Required work -> Locate the line that contains "color=35, linetype='Continuous', lineweight=5)" in the entries below, then repeat it and every following line through the line that contains "doc.styles.get('SCI').set_extended_font_data('Gulim')", exactly, and no others.
|---|
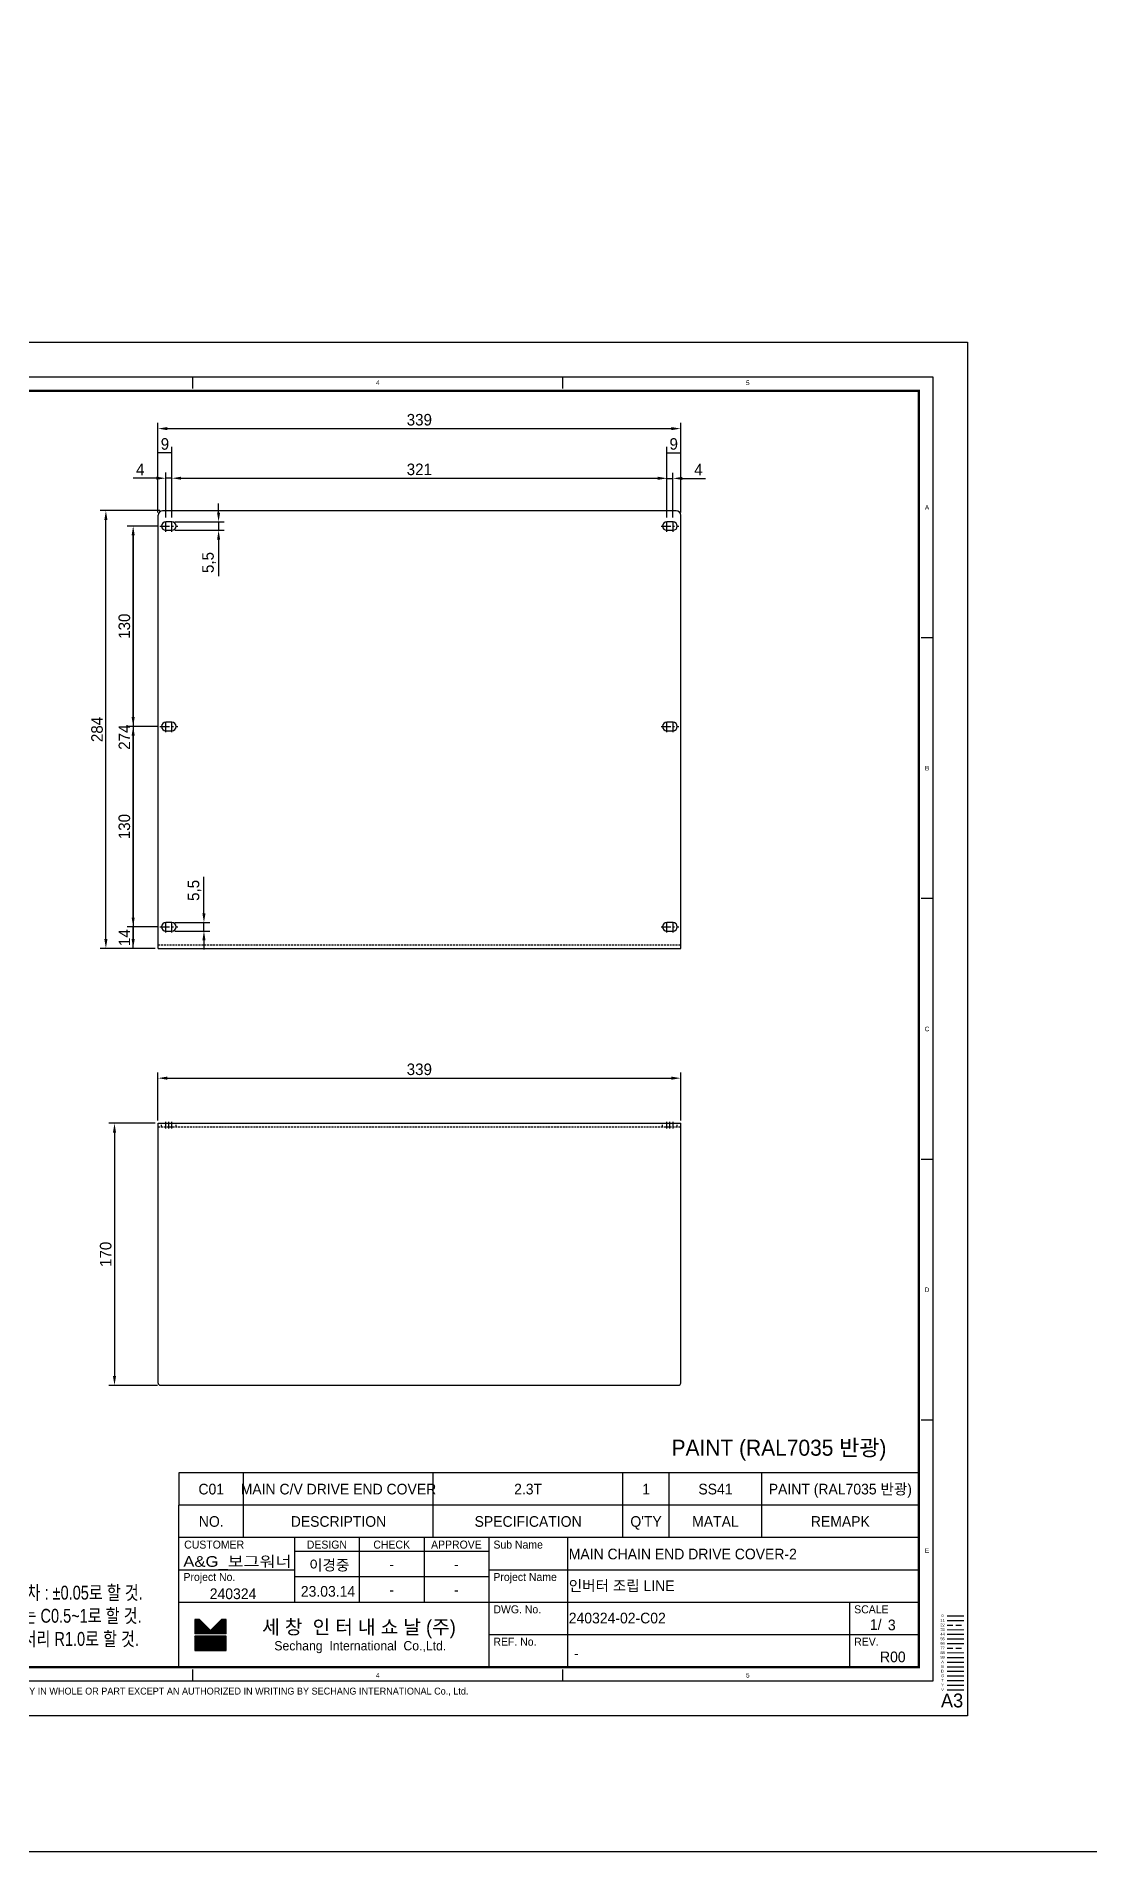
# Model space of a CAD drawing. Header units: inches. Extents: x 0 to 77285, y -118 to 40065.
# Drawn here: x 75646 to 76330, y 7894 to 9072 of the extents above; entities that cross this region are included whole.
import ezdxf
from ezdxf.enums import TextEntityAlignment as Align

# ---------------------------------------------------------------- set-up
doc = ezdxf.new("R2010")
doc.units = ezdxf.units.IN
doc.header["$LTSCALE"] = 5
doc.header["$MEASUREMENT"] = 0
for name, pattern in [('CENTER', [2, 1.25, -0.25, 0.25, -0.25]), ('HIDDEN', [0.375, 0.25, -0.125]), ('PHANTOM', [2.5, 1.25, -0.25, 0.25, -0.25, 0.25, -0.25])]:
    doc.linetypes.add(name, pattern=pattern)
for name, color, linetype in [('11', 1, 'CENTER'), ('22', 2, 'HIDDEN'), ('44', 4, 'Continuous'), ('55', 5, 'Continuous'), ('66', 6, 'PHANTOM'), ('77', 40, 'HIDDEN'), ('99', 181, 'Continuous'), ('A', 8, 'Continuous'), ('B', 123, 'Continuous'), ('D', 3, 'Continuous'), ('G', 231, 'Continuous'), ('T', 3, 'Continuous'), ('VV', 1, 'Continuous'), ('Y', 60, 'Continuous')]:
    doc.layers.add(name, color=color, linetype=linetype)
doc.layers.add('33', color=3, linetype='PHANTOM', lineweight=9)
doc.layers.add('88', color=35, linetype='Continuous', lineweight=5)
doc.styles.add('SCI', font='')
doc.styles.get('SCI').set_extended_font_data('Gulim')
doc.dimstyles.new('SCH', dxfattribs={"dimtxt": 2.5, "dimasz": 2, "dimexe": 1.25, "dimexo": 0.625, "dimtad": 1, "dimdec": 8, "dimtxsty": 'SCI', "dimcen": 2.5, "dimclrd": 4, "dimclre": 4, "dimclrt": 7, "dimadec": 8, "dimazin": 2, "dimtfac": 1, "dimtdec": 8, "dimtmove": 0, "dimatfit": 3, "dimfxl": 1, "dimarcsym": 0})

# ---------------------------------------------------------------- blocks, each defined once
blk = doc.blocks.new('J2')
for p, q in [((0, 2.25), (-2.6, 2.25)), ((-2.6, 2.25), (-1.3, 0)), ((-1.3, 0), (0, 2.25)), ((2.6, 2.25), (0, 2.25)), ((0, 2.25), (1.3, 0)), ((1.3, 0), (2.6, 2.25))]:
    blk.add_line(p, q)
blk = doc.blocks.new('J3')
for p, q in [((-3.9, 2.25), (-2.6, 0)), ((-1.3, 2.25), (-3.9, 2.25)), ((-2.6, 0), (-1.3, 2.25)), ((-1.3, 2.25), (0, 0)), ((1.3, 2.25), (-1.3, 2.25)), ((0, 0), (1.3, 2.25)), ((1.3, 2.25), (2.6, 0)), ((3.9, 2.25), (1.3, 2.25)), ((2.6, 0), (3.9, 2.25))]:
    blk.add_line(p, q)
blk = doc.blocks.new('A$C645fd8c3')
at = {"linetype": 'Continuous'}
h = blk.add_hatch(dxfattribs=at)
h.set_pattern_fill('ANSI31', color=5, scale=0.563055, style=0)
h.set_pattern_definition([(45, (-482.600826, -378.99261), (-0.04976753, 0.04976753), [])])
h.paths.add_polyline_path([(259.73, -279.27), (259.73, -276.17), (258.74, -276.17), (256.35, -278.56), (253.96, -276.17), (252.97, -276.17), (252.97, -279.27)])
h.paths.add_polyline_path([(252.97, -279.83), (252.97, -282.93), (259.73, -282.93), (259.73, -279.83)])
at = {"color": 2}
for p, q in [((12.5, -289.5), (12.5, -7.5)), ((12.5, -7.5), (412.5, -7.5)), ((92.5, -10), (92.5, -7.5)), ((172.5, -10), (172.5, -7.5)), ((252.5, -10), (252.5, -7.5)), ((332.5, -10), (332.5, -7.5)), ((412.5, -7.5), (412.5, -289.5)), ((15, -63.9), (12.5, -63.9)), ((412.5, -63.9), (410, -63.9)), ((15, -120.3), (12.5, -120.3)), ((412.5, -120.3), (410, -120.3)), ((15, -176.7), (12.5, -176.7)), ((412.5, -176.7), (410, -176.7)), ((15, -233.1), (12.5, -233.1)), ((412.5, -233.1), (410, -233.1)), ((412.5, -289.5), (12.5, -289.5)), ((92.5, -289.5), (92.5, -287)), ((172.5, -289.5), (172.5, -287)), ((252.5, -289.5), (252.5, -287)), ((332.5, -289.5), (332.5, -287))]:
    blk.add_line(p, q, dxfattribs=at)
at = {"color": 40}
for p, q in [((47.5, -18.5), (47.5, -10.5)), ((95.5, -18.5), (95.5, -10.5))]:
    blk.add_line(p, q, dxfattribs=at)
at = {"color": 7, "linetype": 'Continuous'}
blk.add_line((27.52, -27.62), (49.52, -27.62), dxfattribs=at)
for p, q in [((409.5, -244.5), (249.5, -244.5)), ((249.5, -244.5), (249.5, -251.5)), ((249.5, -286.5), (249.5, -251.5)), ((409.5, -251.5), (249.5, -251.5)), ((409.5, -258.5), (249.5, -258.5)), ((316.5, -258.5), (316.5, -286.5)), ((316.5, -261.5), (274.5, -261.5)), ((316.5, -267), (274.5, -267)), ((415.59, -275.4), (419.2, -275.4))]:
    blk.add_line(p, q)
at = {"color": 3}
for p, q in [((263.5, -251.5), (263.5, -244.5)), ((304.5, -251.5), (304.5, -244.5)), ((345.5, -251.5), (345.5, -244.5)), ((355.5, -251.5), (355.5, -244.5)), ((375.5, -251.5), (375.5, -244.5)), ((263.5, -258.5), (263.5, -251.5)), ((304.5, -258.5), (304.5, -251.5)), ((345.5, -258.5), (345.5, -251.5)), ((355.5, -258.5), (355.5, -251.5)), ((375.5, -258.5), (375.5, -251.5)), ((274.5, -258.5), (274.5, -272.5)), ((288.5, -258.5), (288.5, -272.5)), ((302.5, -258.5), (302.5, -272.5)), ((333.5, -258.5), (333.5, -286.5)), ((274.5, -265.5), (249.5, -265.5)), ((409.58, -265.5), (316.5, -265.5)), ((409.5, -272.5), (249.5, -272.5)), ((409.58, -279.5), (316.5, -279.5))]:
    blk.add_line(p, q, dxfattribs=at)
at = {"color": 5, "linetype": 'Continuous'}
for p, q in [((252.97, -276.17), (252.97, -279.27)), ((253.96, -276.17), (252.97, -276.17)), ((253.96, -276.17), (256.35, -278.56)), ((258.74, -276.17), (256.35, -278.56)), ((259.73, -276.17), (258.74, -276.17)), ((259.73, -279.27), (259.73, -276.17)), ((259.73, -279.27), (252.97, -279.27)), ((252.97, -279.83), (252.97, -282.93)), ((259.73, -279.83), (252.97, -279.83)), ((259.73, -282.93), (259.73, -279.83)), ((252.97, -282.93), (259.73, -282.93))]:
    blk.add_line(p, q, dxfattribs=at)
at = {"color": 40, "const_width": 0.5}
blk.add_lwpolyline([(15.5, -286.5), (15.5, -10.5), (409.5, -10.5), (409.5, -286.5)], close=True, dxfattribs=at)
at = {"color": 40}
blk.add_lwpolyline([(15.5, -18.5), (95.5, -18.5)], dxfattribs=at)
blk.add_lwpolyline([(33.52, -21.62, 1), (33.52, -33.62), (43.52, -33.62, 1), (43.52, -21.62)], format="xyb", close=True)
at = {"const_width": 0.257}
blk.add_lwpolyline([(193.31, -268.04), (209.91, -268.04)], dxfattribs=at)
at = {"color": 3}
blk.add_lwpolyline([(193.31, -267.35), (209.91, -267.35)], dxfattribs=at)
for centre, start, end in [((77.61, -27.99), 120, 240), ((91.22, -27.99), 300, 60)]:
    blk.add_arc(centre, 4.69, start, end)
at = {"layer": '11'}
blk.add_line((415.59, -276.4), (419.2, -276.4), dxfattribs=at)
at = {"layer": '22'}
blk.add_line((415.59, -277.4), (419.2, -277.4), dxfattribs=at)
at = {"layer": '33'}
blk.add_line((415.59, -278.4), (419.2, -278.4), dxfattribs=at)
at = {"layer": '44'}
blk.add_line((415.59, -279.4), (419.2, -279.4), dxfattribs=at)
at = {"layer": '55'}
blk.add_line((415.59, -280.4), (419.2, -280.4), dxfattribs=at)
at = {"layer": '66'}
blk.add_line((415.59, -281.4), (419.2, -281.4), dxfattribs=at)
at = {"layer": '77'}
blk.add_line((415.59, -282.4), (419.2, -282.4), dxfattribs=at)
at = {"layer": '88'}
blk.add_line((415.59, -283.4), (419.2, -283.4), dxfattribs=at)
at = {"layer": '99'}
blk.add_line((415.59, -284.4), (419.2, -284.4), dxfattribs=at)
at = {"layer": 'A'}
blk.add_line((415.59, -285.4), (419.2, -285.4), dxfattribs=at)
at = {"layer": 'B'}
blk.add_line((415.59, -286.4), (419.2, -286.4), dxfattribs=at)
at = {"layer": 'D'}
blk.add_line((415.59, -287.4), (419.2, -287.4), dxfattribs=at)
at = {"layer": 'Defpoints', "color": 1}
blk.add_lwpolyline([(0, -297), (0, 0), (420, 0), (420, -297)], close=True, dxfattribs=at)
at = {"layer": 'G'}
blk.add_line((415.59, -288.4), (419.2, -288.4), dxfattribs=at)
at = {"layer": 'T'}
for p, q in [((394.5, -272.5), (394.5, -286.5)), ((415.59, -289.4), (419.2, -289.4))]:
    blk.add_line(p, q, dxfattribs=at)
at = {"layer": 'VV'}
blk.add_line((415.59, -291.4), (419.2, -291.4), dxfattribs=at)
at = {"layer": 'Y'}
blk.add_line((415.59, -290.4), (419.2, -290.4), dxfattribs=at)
|---|
Solved problem ->
doc.layers.add('88', color=35, linetype='Continuous', lineweight=5)
doc.styles.add('SCI', font='')
doc.styles.get('SCI').set_extended_font_data('Gulim')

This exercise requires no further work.